---------- LISTED RECORDS

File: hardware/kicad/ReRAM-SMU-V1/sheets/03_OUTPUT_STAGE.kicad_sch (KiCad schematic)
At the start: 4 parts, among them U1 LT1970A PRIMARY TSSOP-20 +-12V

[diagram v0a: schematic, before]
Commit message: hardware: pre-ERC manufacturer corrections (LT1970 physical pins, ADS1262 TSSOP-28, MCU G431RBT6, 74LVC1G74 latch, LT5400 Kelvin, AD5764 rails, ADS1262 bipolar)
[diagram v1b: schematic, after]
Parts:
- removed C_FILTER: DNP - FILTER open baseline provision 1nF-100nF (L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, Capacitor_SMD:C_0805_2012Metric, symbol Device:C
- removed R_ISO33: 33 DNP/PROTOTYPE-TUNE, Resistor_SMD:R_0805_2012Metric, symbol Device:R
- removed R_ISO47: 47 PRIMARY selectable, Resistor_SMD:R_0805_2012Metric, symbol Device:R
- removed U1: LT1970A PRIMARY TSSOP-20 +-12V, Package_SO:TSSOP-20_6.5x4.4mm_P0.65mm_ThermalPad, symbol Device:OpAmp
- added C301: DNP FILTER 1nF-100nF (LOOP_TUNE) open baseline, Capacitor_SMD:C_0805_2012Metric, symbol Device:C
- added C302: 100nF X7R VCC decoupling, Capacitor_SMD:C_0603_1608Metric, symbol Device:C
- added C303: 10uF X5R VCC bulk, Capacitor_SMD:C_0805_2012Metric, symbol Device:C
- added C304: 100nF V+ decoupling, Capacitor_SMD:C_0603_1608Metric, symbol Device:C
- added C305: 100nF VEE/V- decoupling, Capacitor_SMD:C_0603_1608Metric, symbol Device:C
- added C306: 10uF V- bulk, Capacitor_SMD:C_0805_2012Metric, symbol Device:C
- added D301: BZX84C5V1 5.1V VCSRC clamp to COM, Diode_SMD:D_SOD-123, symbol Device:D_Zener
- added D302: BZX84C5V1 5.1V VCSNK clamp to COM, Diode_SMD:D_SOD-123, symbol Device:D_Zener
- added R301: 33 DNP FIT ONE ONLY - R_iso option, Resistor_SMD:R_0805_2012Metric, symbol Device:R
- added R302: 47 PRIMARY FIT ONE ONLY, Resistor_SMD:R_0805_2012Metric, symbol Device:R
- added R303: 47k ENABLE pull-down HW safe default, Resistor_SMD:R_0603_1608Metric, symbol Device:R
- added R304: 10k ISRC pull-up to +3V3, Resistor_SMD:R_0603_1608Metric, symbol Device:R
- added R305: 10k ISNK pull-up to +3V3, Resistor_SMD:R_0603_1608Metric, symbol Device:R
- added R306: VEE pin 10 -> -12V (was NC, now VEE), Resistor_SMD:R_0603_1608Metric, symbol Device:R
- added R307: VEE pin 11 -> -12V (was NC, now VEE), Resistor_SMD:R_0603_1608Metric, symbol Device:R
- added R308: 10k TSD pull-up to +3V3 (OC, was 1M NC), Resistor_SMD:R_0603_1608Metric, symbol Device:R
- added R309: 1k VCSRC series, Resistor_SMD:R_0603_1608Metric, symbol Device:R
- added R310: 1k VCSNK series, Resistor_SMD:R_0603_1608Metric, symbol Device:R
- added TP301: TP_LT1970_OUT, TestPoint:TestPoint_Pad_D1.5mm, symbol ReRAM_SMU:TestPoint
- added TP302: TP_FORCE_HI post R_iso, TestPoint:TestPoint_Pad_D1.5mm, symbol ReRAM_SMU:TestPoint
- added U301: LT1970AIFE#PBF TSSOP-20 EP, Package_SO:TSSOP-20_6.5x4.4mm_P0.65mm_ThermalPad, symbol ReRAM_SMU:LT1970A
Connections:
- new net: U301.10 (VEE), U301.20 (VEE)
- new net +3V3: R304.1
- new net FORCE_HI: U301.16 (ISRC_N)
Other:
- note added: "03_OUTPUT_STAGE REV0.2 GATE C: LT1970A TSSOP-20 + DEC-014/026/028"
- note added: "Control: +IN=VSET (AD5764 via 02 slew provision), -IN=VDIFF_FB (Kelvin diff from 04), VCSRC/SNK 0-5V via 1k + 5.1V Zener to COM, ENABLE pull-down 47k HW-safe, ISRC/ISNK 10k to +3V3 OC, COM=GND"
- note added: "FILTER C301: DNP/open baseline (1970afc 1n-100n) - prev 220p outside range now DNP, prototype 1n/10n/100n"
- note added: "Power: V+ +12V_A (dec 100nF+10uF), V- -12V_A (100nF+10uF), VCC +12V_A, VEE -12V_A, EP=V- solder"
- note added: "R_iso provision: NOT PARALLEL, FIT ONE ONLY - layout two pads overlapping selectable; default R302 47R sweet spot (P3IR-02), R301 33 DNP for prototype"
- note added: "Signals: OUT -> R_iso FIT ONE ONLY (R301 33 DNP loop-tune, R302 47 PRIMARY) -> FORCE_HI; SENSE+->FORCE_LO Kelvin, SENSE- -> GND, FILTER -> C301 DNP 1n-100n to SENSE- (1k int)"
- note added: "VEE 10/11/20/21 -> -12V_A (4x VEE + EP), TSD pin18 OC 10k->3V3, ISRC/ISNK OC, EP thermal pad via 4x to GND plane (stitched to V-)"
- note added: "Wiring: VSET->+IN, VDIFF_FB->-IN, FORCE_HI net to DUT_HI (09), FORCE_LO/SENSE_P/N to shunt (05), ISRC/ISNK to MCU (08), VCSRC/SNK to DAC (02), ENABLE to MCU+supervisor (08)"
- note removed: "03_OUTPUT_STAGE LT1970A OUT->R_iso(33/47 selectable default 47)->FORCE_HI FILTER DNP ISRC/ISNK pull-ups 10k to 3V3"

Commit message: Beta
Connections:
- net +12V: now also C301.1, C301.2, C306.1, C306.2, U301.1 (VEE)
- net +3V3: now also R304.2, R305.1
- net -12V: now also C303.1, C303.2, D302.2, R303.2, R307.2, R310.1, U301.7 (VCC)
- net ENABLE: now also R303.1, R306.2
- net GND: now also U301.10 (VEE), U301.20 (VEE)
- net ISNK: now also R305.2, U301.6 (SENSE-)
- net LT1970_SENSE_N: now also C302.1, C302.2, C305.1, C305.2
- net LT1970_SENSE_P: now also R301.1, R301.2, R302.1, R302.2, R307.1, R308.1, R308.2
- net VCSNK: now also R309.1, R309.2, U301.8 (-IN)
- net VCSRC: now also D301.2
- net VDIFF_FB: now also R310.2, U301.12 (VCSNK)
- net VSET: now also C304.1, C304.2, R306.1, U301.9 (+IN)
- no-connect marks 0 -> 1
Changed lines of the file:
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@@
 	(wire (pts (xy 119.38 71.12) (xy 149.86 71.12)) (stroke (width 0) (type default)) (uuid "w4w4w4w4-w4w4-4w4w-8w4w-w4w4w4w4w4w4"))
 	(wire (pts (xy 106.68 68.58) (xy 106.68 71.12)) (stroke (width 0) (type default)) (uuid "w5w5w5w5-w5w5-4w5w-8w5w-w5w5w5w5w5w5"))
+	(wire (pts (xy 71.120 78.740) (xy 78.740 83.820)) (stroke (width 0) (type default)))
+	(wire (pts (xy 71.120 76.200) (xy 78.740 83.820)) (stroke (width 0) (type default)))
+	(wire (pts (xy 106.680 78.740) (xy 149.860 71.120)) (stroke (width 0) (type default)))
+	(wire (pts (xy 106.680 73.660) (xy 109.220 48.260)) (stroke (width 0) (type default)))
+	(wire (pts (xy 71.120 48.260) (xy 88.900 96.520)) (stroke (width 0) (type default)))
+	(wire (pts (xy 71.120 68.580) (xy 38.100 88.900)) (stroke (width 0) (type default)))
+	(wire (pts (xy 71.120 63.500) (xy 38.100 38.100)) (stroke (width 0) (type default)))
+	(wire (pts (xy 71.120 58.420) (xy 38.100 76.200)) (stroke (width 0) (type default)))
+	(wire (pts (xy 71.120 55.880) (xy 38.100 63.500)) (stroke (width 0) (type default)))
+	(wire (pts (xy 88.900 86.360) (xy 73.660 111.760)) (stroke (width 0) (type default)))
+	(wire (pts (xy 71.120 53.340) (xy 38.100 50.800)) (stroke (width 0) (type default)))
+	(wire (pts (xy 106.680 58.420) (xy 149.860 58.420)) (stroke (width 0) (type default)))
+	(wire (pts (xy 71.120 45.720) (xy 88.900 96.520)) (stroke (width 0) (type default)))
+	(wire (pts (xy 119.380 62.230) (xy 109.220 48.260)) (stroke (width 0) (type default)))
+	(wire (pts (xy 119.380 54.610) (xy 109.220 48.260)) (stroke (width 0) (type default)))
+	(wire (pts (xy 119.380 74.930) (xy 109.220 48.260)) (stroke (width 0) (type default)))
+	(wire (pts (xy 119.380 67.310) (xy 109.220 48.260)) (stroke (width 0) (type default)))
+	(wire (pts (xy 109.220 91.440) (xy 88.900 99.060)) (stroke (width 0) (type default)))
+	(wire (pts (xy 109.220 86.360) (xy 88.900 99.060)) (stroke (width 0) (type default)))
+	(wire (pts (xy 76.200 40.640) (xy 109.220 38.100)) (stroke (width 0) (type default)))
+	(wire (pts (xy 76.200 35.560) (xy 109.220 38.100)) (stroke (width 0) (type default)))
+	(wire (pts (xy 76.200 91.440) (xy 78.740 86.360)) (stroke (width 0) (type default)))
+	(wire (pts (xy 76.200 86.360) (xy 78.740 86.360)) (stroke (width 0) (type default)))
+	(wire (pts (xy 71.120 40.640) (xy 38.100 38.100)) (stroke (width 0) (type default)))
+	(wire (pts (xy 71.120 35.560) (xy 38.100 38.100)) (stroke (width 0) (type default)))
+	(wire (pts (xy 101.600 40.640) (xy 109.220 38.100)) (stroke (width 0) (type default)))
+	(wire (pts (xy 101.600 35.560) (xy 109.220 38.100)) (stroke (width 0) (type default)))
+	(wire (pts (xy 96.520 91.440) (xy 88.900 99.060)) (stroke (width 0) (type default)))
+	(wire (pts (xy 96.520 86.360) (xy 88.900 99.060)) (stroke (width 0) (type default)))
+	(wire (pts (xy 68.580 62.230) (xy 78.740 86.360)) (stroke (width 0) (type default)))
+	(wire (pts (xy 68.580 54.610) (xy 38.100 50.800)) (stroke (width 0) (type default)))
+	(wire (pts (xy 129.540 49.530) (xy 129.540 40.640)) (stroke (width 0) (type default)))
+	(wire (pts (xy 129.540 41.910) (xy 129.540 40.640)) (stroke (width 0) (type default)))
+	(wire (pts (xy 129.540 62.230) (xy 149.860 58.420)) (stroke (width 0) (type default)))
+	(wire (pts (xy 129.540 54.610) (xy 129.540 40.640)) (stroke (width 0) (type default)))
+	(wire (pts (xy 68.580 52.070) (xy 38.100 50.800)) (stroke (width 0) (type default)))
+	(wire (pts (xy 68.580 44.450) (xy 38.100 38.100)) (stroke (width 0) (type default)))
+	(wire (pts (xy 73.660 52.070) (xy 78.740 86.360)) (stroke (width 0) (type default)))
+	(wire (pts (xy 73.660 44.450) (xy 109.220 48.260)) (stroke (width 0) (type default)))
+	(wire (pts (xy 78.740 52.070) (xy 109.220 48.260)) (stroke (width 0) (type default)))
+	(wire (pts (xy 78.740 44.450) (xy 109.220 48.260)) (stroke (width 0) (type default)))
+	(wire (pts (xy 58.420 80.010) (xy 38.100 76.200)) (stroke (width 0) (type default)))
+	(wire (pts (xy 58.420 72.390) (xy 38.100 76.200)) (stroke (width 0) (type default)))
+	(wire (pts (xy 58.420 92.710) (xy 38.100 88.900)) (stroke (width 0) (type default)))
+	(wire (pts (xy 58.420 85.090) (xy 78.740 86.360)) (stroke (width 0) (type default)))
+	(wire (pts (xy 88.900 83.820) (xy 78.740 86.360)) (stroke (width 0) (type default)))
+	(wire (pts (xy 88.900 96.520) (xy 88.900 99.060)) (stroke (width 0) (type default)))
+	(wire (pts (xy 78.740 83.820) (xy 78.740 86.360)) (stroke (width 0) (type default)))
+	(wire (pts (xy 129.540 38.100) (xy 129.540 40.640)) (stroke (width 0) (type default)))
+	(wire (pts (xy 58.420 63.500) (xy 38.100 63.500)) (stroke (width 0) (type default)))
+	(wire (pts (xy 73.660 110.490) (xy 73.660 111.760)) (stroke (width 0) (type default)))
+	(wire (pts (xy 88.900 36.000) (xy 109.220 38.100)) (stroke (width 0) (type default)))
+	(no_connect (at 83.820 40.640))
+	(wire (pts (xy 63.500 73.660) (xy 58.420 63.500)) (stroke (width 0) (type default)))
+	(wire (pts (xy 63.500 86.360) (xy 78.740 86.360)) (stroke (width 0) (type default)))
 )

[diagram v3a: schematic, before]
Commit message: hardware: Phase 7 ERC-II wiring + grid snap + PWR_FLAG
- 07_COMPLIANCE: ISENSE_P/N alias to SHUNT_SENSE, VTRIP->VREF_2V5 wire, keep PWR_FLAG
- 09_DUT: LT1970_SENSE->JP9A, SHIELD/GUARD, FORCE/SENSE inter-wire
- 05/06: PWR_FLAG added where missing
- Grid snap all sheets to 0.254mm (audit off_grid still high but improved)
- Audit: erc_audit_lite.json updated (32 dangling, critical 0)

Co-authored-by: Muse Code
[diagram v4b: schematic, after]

--------------------

**HOW TO COMPLETE THIS TASK**
Show every line above where "before" is found.

**ANSWER BOX**
[diagram v0a: schematic, before]
[diagram v3a: schematic, before]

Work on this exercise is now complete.